The article “Celebrating our Legends” probably served as the impetus for naming a building with the name Franz Kröger. After plans to name the new Bulsa museum in my honour fell through, another opportunity arose. A house of the Senior High Technical School in Sandema had been named Azantilow House. However, when the whole school was named after the last Sandema-Nab, the house with dormitories had to be renamed. On 18 February 2023, I had the honour of being the new name bearer.
This was preceded by long negotiations and preparations of various kinds. Many Bulsa had committed themselves with all their might to the realisation of the project, and I would like to thank them on behalf of many others.
• The author of “Celebrating our Legends” and the many supporters of his proposal.
• The reigning Nab Azagsuk Azantilow II as well as his son Awonboro and other members of his family. Without the initiative of this energetic chief, the naming would probably never have come about.
• It is due to my personal friends Ghanatta Ayaric (Hamburg), Robert Atong Asekabta (Sandema), John Akanvariyuei Agandin (Southern Ghana), Evans Akangyelewon Atuick (USA), Atigsibadek Afoko (Southern Ghana) and others that the idea, once conceived, was not forgotten. Above all, Robert Asekabta, who himself belongs to the royal family, not only led the personal contacts with the Sandem-Nab, but he also delivered a speech at the naming ceremony and provided me with the most important photos of all activities.
• Administrative institutions such as the Bulsa Traditional Assembly and the Board of Governors (including the Director of Education) gave their approval and thus also legally secured the renaming.

• I would like to thank Mr. Solomon Akooti, headmaster of the Azantilow Senior High Technical School, for his organisational work and for his numerous e-mails informing me about the state of affairs. In the same way, I would like to thank the other planning committee members, Paul Sulley (Senior Housemaster) and Akanvarisagi Akan-nue Emmanuel (Housemaster), for their efforts.

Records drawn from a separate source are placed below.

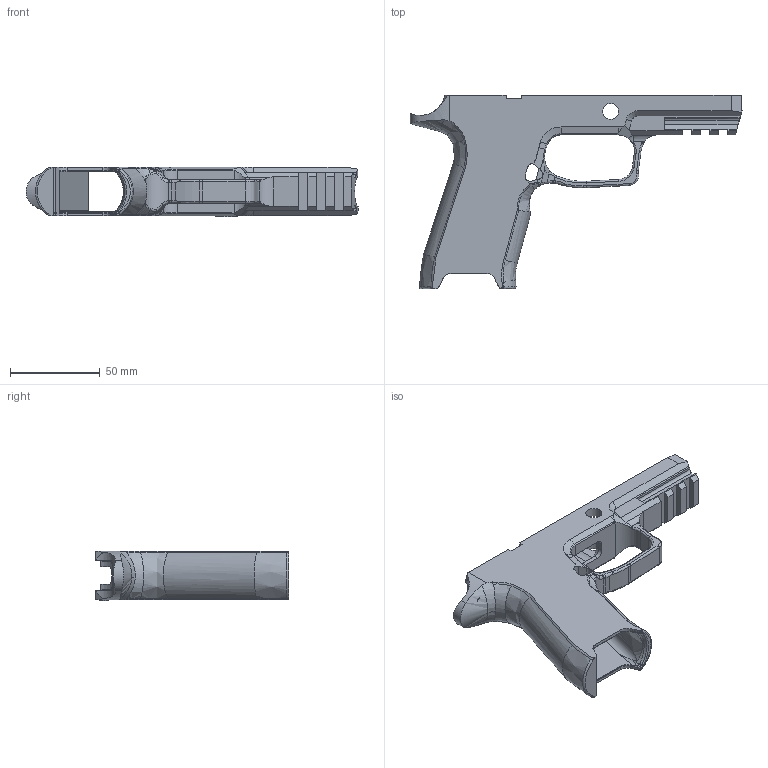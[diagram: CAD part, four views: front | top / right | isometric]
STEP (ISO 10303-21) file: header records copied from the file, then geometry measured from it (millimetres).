
FILE_DESCRIPTION(/* description */ (''),/* implementation_level */ '2;1');
FILE_NAME(/* name */ 'JP320 Grip Module Blank.step',/* time_stamp */ '2022-10-03T08:18:43-04:00',/* author */ (''),/* organization */ (''),/* preprocessor_version */ 'ST-DEVELOPER v19',/* originating_system */ 'Autodesk Translation Framework v11.7.0.108',/* authorisation */ '');
FILE_SCHEMA (('AUTOMOTIVE_DESIGN { 1 0 10303 214 3 1 1 }'));
Length unit declared in the file: millimetre
Products named in the file (3): Stippled JP320 Frame; Blank For Stippling; FCU Plug
Assembly tree (2 placements, depth 2):
  Stippled JP320 Frame
    Blank For Stippling
    FCU Plug
Bounding box: 184.6 x 107.5 x 27.5 mm (x, y, z)
Volume: 75945.4 mm3; surface area: 45541.8 mm2
Topology: 2 solids, 2 shells, 494 faces, 1403 edges, 889 vertices
Faces by surface type: plane 195, bspline 137, cylinder 120, torus 29, cone 9, sphere 4
Full cylindrical faces by diameter (mm): 8.9 x1, 9.4 x1
Entity records: 20708 total; most frequent: CARTESIAN_POINT 8499, ORIENTED_EDGE 2774, DIRECTION 2248, EDGE_CURVE 1387, VERTEX_POINT 889, AXIS2_PLACEMENT_3D 769, LINE 710, VECTOR 710
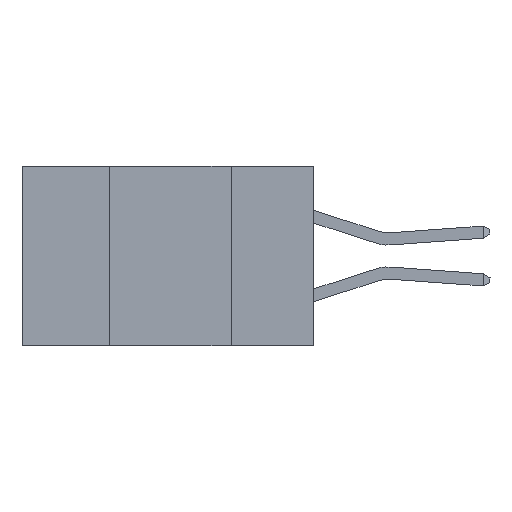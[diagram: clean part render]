
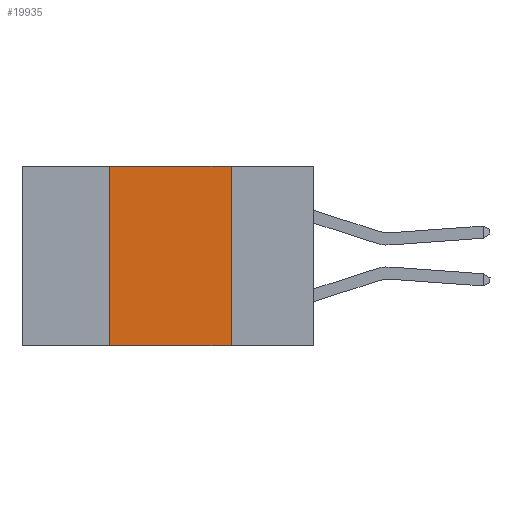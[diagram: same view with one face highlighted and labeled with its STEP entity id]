
A CAD part, left-side view. The second image highlights one B-rep face of the part: STEP entity #19935.
In plain terms, the highlighted planar face has unit normal (-1, 0, 0).
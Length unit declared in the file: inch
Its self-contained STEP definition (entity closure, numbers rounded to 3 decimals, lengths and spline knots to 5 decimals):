
#939 = VERTEX_POINT ( 'NONE', #3239 ) ;
#948 = LINE ( 'NONE', #10142, #10337 ) ;
#2793 = EDGE_CURVE ( 'NONE', #939, #5225, #19067, .T. ) ;
#3074 = DIRECTION ( 'NONE',  ( 0., 0., -1. ) ) ;
#3239 = CARTESIAN_POINT ( 'NONE',  ( 0., 0.17, 0. ) ) ;
#3526 = AXIS2_PLACEMENT_3D ( 'NONE', #7260, #20084, #9148 ) ;
#3548 = PLANE ( 'NONE',  #3526 ) ;
#3721 = ORIENTED_EDGE ( 'NONE', *, *, #11506, .T. ) ;
#3875 = VECTOR ( 'NONE', #3074, 39.37008 ) ;
#4593 = EDGE_LOOP ( 'NONE', ( #11813, #16677, #22057, #3721 ) ) ;
#4866 = VERTEX_POINT ( 'NONE', #19844 ) ;
#4994 = LINE ( 'NONE', #10127, #18501 ) ;
#5225 = VERTEX_POINT ( 'NONE', #9862 ) ;
#7260 = CARTESIAN_POINT ( 'NONE',  ( 0., 0.6, 0. ) ) ;
#8623 = CARTESIAN_POINT ( 'NONE',  ( 0., 0.42, -0.37 ) ) ;
#9148 = DIRECTION ( 'NONE',  ( 0., 0., -1. ) ) ;
#9862 = CARTESIAN_POINT ( 'NONE',  ( 0., 0.17, -0.37 ) ) ;
#10127 = CARTESIAN_POINT ( 'NONE',  ( 0., 0.6, -0.37 ) ) ;
#10142 = CARTESIAN_POINT ( 'NONE',  ( 0., 0.6, 0. ) ) ;
#10337 = VECTOR ( 'NONE', #11966, 39.37008 ) ;
#11506 = EDGE_CURVE ( 'NONE', #13333, #5225, #4994, .T. ) ;
#11813 = ORIENTED_EDGE ( 'NONE', *, *, #2793, .F. ) ;
#11966 = DIRECTION ( 'NONE',  ( 0., -1., 0. ) ) ;
#12212 = CARTESIAN_POINT ( 'NONE',  ( 0., 0.17, 0. ) ) ;
#12752 = EDGE_CURVE ( 'NONE', #13333, #4866, #19585, .T. ) ;
#13333 = VERTEX_POINT ( 'NONE', #8623 ) ;
#16677 = ORIENTED_EDGE ( 'NONE', *, *, #19647, .F. ) ;
#18501 = VECTOR ( 'NONE', #21027, 39.37008 ) ;
#19067 = LINE ( 'NONE', #12212, #3875 ) ;
#19585 = LINE ( 'NONE', #21491, #23804 ) ;
#19647 = EDGE_CURVE ( 'NONE', #4866, #939, #948, .T. ) ;
#19844 = CARTESIAN_POINT ( 'NONE',  ( 0., 0.42, 0. ) ) ;
#19935 = ADVANCED_FACE ( 'NONE', ( #22807 ), #3548, .F. ) ;
#20084 = DIRECTION ( 'NONE',  ( 1., 0., 0. ) ) ;
#21027 = DIRECTION ( 'NONE',  ( 0., -1., 0. ) ) ;
#21491 = CARTESIAN_POINT ( 'NONE',  ( 0., 0.42, 0. ) ) ;
#22057 = ORIENTED_EDGE ( 'NONE', *, *, #12752, .F. ) ;
#22807 = FACE_OUTER_BOUND ( 'NONE', #4593, .T. ) ;
#23376 = DIRECTION ( 'NONE',  ( 0., 0., 1. ) ) ;
#23804 = VECTOR ( 'NONE', #23376, 39.37008 ) ;
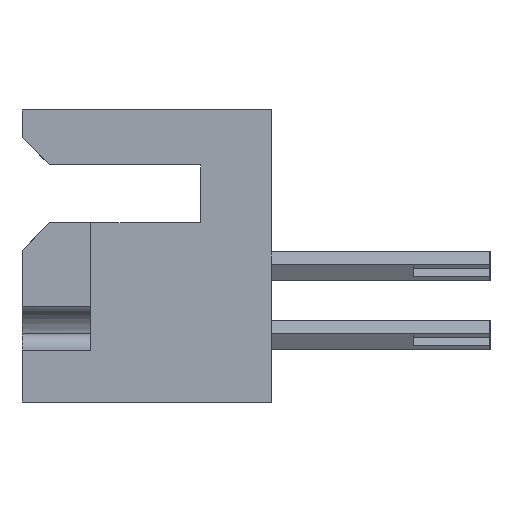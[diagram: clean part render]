
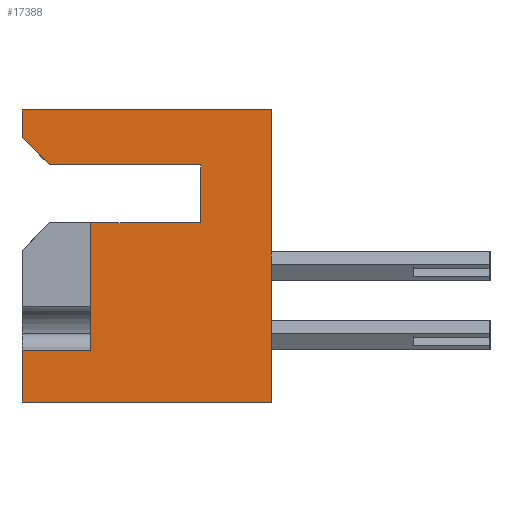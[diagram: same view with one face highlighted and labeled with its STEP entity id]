
A CAD part, left-side view. The second image highlights one B-rep face of the part: STEP entity #17388.
In plain terms, the highlighted planar face has unit normal (-1, 0, 0).
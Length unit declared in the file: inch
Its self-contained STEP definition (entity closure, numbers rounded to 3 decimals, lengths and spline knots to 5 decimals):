
#220 = DIRECTION ( 'NONE',  ( 0., -0.707, -0.707 ) ) ;
#319 = LINE ( 'NONE', #11933, #15185 ) ;
#582 = CARTESIAN_POINT ( 'NONE',  ( 0., 0.403, -0.1 ) ) ;
#590 = LINE ( 'NONE', #15155, #10612 ) ;
#2403 = VERTEX_POINT ( 'NONE', #582 ) ;
#2605 = VECTOR ( 'NONE', #24935, 39.37008 ) ;
#3374 = DIRECTION ( 'NONE',  ( 0., -1., 0. ) ) ;
#4332 = ORIENTED_EDGE ( 'NONE', *, *, #14638, .T. ) ;
#4492 = ORIENTED_EDGE ( 'NONE', *, *, #30202, .T. ) ;
#4699 = EDGE_CURVE ( 'NONE', #23562, #18039, #319, .T. ) ;
#4721 = CARTESIAN_POINT ( 'NONE',  ( 0., 0., -0.531 ) ) ;
#4941 = ORIENTED_EDGE ( 'NONE', *, *, #4699, .F. ) ;
#5004 = EDGE_CURVE ( 'NONE', #23566, #20794, #5460, .T. ) ;
#5024 = CARTESIAN_POINT ( 'NONE',  ( 0., 0., 0. ) ) ;
#5059 = CARTESIAN_POINT ( 'NONE',  ( 0., 0.403, -0.1 ) ) ;
#5460 = LINE ( 'NONE', #8246, #16651 ) ;
#5461 = DIRECTION ( 'NONE',  ( 0., -1., 0. ) ) ;
#5470 = VECTOR ( 'NONE', #30300, 39.37008 ) ;
#5610 = ORIENTED_EDGE ( 'NONE', *, *, #10243, .F. ) ;
#6128 = DIRECTION ( 'NONE',  ( 0., 1., 0. ) ) ;
#6313 = LINE ( 'NONE', #27144, #7068 ) ;
#6470 = ORIENTED_EDGE ( 'NONE', *, *, #24579, .T. ) ;
#6861 = CARTESIAN_POINT ( 'NONE',  ( 0., 0.128, -0.1 ) ) ;
#7068 = VECTOR ( 'NONE', #3374, 39.37008 ) ;
#7389 = LINE ( 'NONE', #15510, #15973 ) ;
#8246 = CARTESIAN_POINT ( 'NONE',  ( 0., 0., 0. ) ) ;
#9052 = VERTEX_POINT ( 'NONE', #22180 ) ;
#9186 = DIRECTION ( 'NONE',  ( 1., 0., 0. ) ) ;
#9542 = FACE_OUTER_BOUND ( 'NONE', #24477, .T. ) ;
#9795 = ORIENTED_EDGE ( 'NONE', *, *, #15579, .F. ) ;
#10243 = EDGE_CURVE ( 'NONE', #12025, #16677, #12639, .T. ) ;
#10612 = VECTOR ( 'NONE', #5461, 39.37008 ) ;
#10620 = DIRECTION ( 'NONE',  ( 0., 1., 0. ) ) ;
#11101 = VERTEX_POINT ( 'NONE', #16974 ) ;
#11702 = CARTESIAN_POINT ( 'NONE',  ( 0., 0.453, -0.05 ) ) ;
#11875 = VECTOR ( 'NONE', #220, 39.37008 ) ;
#11933 = CARTESIAN_POINT ( 'NONE',  ( 0., 0.453, 0. ) ) ;
#12025 = VERTEX_POINT ( 'NONE', #21676 ) ;
#12639 = LINE ( 'NONE', #20452, #20478 ) ;
#13273 = CARTESIAN_POINT ( 'NONE',  ( 0., 0.328, -0.205 ) ) ;
#13366 = DIRECTION ( 'NONE',  ( 0., 0., 1. ) ) ;
#13705 = DIRECTION ( 'NONE',  ( 0., 0., -1. ) ) ;
#14358 = DIRECTION ( 'NONE',  ( 0., 0., 1. ) ) ;
#14638 = EDGE_CURVE ( 'NONE', #12025, #18928, #26491, .T. ) ;
#15002 = ORIENTED_EDGE ( 'NONE', *, *, #5004, .T. ) ;
#15043 = VECTOR ( 'NONE', #30003, 39.37008 ) ;
#15155 = CARTESIAN_POINT ( 'NONE',  ( 0., 0.453, -0.531 ) ) ;
#15185 = VECTOR ( 'NONE', #14358, 39.37008 ) ;
#15510 = CARTESIAN_POINT ( 'NONE',  ( 0., 0.328, -0.437 ) ) ;
#15579 = EDGE_CURVE ( 'NONE', #18039, #20794, #6313, .T. ) ;
#15973 = VECTOR ( 'NONE', #6128, 39.37008 ) ;
#16178 = VECTOR ( 'NONE', #10620, 39.37008 ) ;
#16651 = VECTOR ( 'NONE', #29748, 39.37008 ) ;
#16677 = VERTEX_POINT ( 'NONE', #6861 ) ;
#16974 = CARTESIAN_POINT ( 'NONE',  ( 0., 0.453, -0.531 ) ) ;
#17388 = ADVANCED_FACE ( 'NONE', ( #9542 ), #27981, .F. ) ;
#17930 = CARTESIAN_POINT ( 'NONE',  ( 0., 0.128, -0.205 ) ) ;
#18039 = VERTEX_POINT ( 'NONE', #30627 ) ;
#18928 = VERTEX_POINT ( 'NONE', #13273 ) ;
#19216 = EDGE_CURVE ( 'NONE', #11101, #9052, #26968, .T. ) ;
#20336 = CARTESIAN_POINT ( 'NONE',  ( 0., 0.453, 0. ) ) ;
#20452 = CARTESIAN_POINT ( 'NONE',  ( 0., 0.128, -0.1 ) ) ;
#20478 = VECTOR ( 'NONE', #13366, 39.37008 ) ;
#20523 = VERTEX_POINT ( 'NONE', #27865 ) ;
#20794 = VERTEX_POINT ( 'NONE', #5024 ) ;
#20982 = EDGE_CURVE ( 'NONE', #16677, #2403, #30698, .T. ) ;
#21676 = CARTESIAN_POINT ( 'NONE',  ( 0., 0.128, -0.205 ) ) ;
#22141 = ORIENTED_EDGE ( 'NONE', *, *, #26238, .F. ) ;
#22180 = CARTESIAN_POINT ( 'NONE',  ( 0., 0.453, -0.437 ) ) ;
#22305 = LINE ( 'NONE', #5059, #11875 ) ;
#23189 = ORIENTED_EDGE ( 'NONE', *, *, #19216, .F. ) ;
#23497 = CARTESIAN_POINT ( 'NONE',  ( 0., 0.453, 0. ) ) ;
#23562 = VERTEX_POINT ( 'NONE', #11702 ) ;
#23566 = VERTEX_POINT ( 'NONE', #4721 ) ;
#24477 = EDGE_LOOP ( 'NONE', ( #6470, #23189, #29944, #15002, #9795, #4941, #4492, #29234, #5610, #4332, #22141 ) ) ;
#24579 = EDGE_CURVE ( 'NONE', #20523, #9052, #7389, .T. ) ;
#24911 = CARTESIAN_POINT ( 'NONE',  ( 0., 0.128, -0.1 ) ) ;
#24935 = DIRECTION ( 'NONE',  ( 0., 1., 0. ) ) ;
#25221 = CARTESIAN_POINT ( 'NONE',  ( 0., 0.328, -0.205 ) ) ;
#25250 = LINE ( 'NONE', #25221, #5470 ) ;
#26238 = EDGE_CURVE ( 'NONE', #20523, #18928, #25250, .T. ) ;
#26491 = LINE ( 'NONE', #17930, #2605 ) ;
#26968 = LINE ( 'NONE', #20336, #15043 ) ;
#27052 = EDGE_CURVE ( 'NONE', #11101, #23566, #590, .T. ) ;
#27144 = CARTESIAN_POINT ( 'NONE',  ( 0., 0.453, 0. ) ) ;
#27583 = AXIS2_PLACEMENT_3D ( 'NONE', #23497, #9186, #13705 ) ;
#27865 = CARTESIAN_POINT ( 'NONE',  ( 0., 0.328, -0.437 ) ) ;
#27981 = PLANE ( 'NONE',  #27583 ) ;
#29234 = ORIENTED_EDGE ( 'NONE', *, *, #20982, .F. ) ;
#29748 = DIRECTION ( 'NONE',  ( 0., 0., 1. ) ) ;
#29944 = ORIENTED_EDGE ( 'NONE', *, *, #27052, .T. ) ;
#30003 = DIRECTION ( 'NONE',  ( 0., 0., 1. ) ) ;
#30202 = EDGE_CURVE ( 'NONE', #23562, #2403, #22305, .T. ) ;
#30300 = DIRECTION ( 'NONE',  ( 0., 0., 1. ) ) ;
#30627 = CARTESIAN_POINT ( 'NONE',  ( 0., 0.453, 0. ) ) ;
#30698 = LINE ( 'NONE', #24911, #16178 ) ;

• From the photos taken by Robert Asekabta, I can conclude that many students were also involved in the implementation of work. My gratitude goes out to them and the football players, also from other houses, for making the event more attractive to a larger number of visitors.
I hope that after the completion of the festivities my good relationship with the school, its teachers and students will intensify through further contacts and that my relationship with the Sandem-Nab and the Bulsa in general will remain as friendly as before.